::: Supplied material

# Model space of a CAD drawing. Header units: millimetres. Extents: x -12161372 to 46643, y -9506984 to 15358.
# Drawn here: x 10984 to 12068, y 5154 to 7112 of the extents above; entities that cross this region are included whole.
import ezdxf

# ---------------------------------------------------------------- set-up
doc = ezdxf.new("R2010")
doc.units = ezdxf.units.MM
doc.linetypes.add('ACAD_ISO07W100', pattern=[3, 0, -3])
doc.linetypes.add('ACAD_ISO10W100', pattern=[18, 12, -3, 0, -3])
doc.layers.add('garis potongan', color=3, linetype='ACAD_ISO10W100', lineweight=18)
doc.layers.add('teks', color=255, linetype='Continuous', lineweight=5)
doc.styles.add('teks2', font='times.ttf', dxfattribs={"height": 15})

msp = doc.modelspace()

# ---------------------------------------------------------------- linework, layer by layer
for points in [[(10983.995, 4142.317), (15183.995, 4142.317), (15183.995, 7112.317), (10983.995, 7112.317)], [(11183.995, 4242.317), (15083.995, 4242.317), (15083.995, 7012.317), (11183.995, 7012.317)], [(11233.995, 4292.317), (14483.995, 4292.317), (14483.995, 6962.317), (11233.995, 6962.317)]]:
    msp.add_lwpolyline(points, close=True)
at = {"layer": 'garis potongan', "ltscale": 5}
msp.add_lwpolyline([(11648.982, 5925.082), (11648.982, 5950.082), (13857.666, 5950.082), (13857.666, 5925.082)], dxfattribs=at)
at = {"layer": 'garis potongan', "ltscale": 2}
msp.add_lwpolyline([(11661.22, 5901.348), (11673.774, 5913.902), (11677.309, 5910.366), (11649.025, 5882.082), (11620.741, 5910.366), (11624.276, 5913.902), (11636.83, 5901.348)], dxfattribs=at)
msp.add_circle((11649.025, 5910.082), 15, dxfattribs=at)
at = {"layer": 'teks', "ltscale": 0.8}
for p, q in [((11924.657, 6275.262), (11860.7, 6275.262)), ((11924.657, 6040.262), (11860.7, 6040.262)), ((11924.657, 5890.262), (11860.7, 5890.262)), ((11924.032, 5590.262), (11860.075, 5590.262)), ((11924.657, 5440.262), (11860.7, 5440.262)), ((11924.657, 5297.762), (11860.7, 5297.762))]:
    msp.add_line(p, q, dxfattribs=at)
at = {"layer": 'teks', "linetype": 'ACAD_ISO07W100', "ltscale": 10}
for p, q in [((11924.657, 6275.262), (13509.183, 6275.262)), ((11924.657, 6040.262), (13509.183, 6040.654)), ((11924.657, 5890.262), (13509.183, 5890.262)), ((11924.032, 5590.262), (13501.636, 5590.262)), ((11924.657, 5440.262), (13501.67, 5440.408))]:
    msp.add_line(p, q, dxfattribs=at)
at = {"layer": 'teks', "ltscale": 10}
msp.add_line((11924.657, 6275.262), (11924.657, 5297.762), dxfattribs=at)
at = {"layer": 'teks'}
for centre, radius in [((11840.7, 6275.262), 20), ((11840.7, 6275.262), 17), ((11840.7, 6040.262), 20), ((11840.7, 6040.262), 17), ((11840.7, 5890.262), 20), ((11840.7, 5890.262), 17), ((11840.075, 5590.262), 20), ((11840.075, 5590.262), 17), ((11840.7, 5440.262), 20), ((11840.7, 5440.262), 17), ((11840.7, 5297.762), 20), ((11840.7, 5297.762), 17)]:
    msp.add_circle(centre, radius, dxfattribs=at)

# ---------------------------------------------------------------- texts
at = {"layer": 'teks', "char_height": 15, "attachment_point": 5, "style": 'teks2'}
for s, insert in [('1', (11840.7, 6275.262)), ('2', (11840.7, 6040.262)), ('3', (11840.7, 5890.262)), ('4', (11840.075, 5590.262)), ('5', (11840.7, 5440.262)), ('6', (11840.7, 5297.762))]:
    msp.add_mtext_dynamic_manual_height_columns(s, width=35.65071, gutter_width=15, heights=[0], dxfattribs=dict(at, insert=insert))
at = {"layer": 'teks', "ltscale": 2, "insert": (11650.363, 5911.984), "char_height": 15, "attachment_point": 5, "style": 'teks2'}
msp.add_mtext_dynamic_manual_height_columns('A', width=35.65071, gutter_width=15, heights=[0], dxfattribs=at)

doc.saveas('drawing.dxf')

::::::

In full and verbatim, repeat the records given above.

Answer to the exercise:
# Model space of a CAD drawing. Header units: millimetres. Extents: x -12161372 to 46643, y -9506984 to 15358.
# Drawn here: x 10984 to 12068, y 5154 to 7112 of the extents above; entities that cross this region are included whole.
import ezdxf

# ---------------------------------------------------------------- set-up
doc = ezdxf.new("R2010")
doc.units = ezdxf.units.MM
doc.linetypes.add('ACAD_ISO07W100', pattern=[3, 0, -3])
doc.linetypes.add('ACAD_ISO10W100', pattern=[18, 12, -3, 0, -3])
doc.layers.add('garis potongan', color=3, linetype='ACAD_ISO10W100', lineweight=18)
doc.layers.add('teks', color=255, linetype='Continuous', lineweight=5)
doc.styles.add('teks2', font='times.ttf', dxfattribs={"height": 15})

msp = doc.modelspace()

# ---------------------------------------------------------------- linework, layer by layer
for points in [[(10983.995, 4142.317), (15183.995, 4142.317), (15183.995, 7112.317), (10983.995, 7112.317)], [(11183.995, 4242.317), (15083.995, 4242.317), (15083.995, 7012.317), (11183.995, 7012.317)], [(11233.995, 4292.317), (14483.995, 4292.317), (14483.995, 6962.317), (11233.995, 6962.317)]]:
    msp.add_lwpolyline(points, close=True)
at = {"layer": 'garis potongan', "ltscale": 5}
msp.add_lwpolyline([(11648.982, 5925.082), (11648.982, 5950.082), (13857.666, 5950.082), (13857.666, 5925.082)], dxfattribs=at)
at = {"layer": 'garis potongan', "ltscale": 2}
msp.add_lwpolyline([(11661.22, 5901.348), (11673.774, 5913.902), (11677.309, 5910.366), (11649.025, 5882.082), (11620.741, 5910.366), (11624.276, 5913.902), (11636.83, 5901.348)], dxfattribs=at)
msp.add_circle((11649.025, 5910.082), 15, dxfattribs=at)
at = {"layer": 'teks', "ltscale": 0.8}
for p, q in [((11924.657, 6275.262), (11860.7, 6275.262)), ((11924.657, 6040.262), (11860.7, 6040.262)), ((11924.657, 5890.262), (11860.7, 5890.262)), ((11924.032, 5590.262), (11860.075, 5590.262)), ((11924.657, 5440.262), (11860.7, 5440.262)), ((11924.657, 5297.762), (11860.7, 5297.762))]:
    msp.add_line(p, q, dxfattribs=at)
at = {"layer": 'teks', "linetype": 'ACAD_ISO07W100', "ltscale": 10}
for p, q in [((11924.657, 6275.262), (13509.183, 6275.262)), ((11924.657, 6040.262), (13509.183, 6040.654)), ((11924.657, 5890.262), (13509.183, 5890.262)), ((11924.032, 5590.262), (13501.636, 5590.262)), ((11924.657, 5440.262), (13501.67, 5440.408))]:
    msp.add_line(p, q, dxfattribs=at)
at = {"layer": 'teks', "ltscale": 10}
msp.add_line((11924.657, 6275.262), (11924.657, 5297.762), dxfattribs=at)
at = {"layer": 'teks'}
for centre, radius in [((11840.7, 6275.262), 20), ((11840.7, 6275.262), 17), ((11840.7, 6040.262), 20), ((11840.7, 6040.262), 17), ((11840.7, 5890.262), 20), ((11840.7, 5890.262), 17), ((11840.075, 5590.262), 20), ((11840.075, 5590.262), 17), ((11840.7, 5440.262), 20), ((11840.7, 5440.262), 17), ((11840.7, 5297.762), 20), ((11840.7, 5297.762), 17)]:
    msp.add_circle(centre, radius, dxfattribs=at)

# ---------------------------------------------------------------- texts
at = {"layer": 'teks', "char_height": 15, "attachment_point": 5, "style": 'teks2'}
for s, insert in [('1', (11840.7, 6275.262)), ('2', (11840.7, 6040.262)), ('3', (11840.7, 5890.262)), ('4', (11840.075, 5590.262)), ('5', (11840.7, 5440.262)), ('6', (11840.7, 5297.762))]:
    msp.add_mtext_dynamic_manual_height_columns(s, width=35.65071, gutter_width=15, heights=[0], dxfattribs=dict(at, insert=insert))
at = {"layer": 'teks', "ltscale": 2, "insert": (11650.363, 5911.984), "char_height": 15, "attachment_point": 5, "style": 'teks2'}
msp.add_mtext_dynamic_manual_height_columns('A', width=35.65071, gutter_width=15, heights=[0], dxfattribs=at)

doc.saveas('drawing.dxf')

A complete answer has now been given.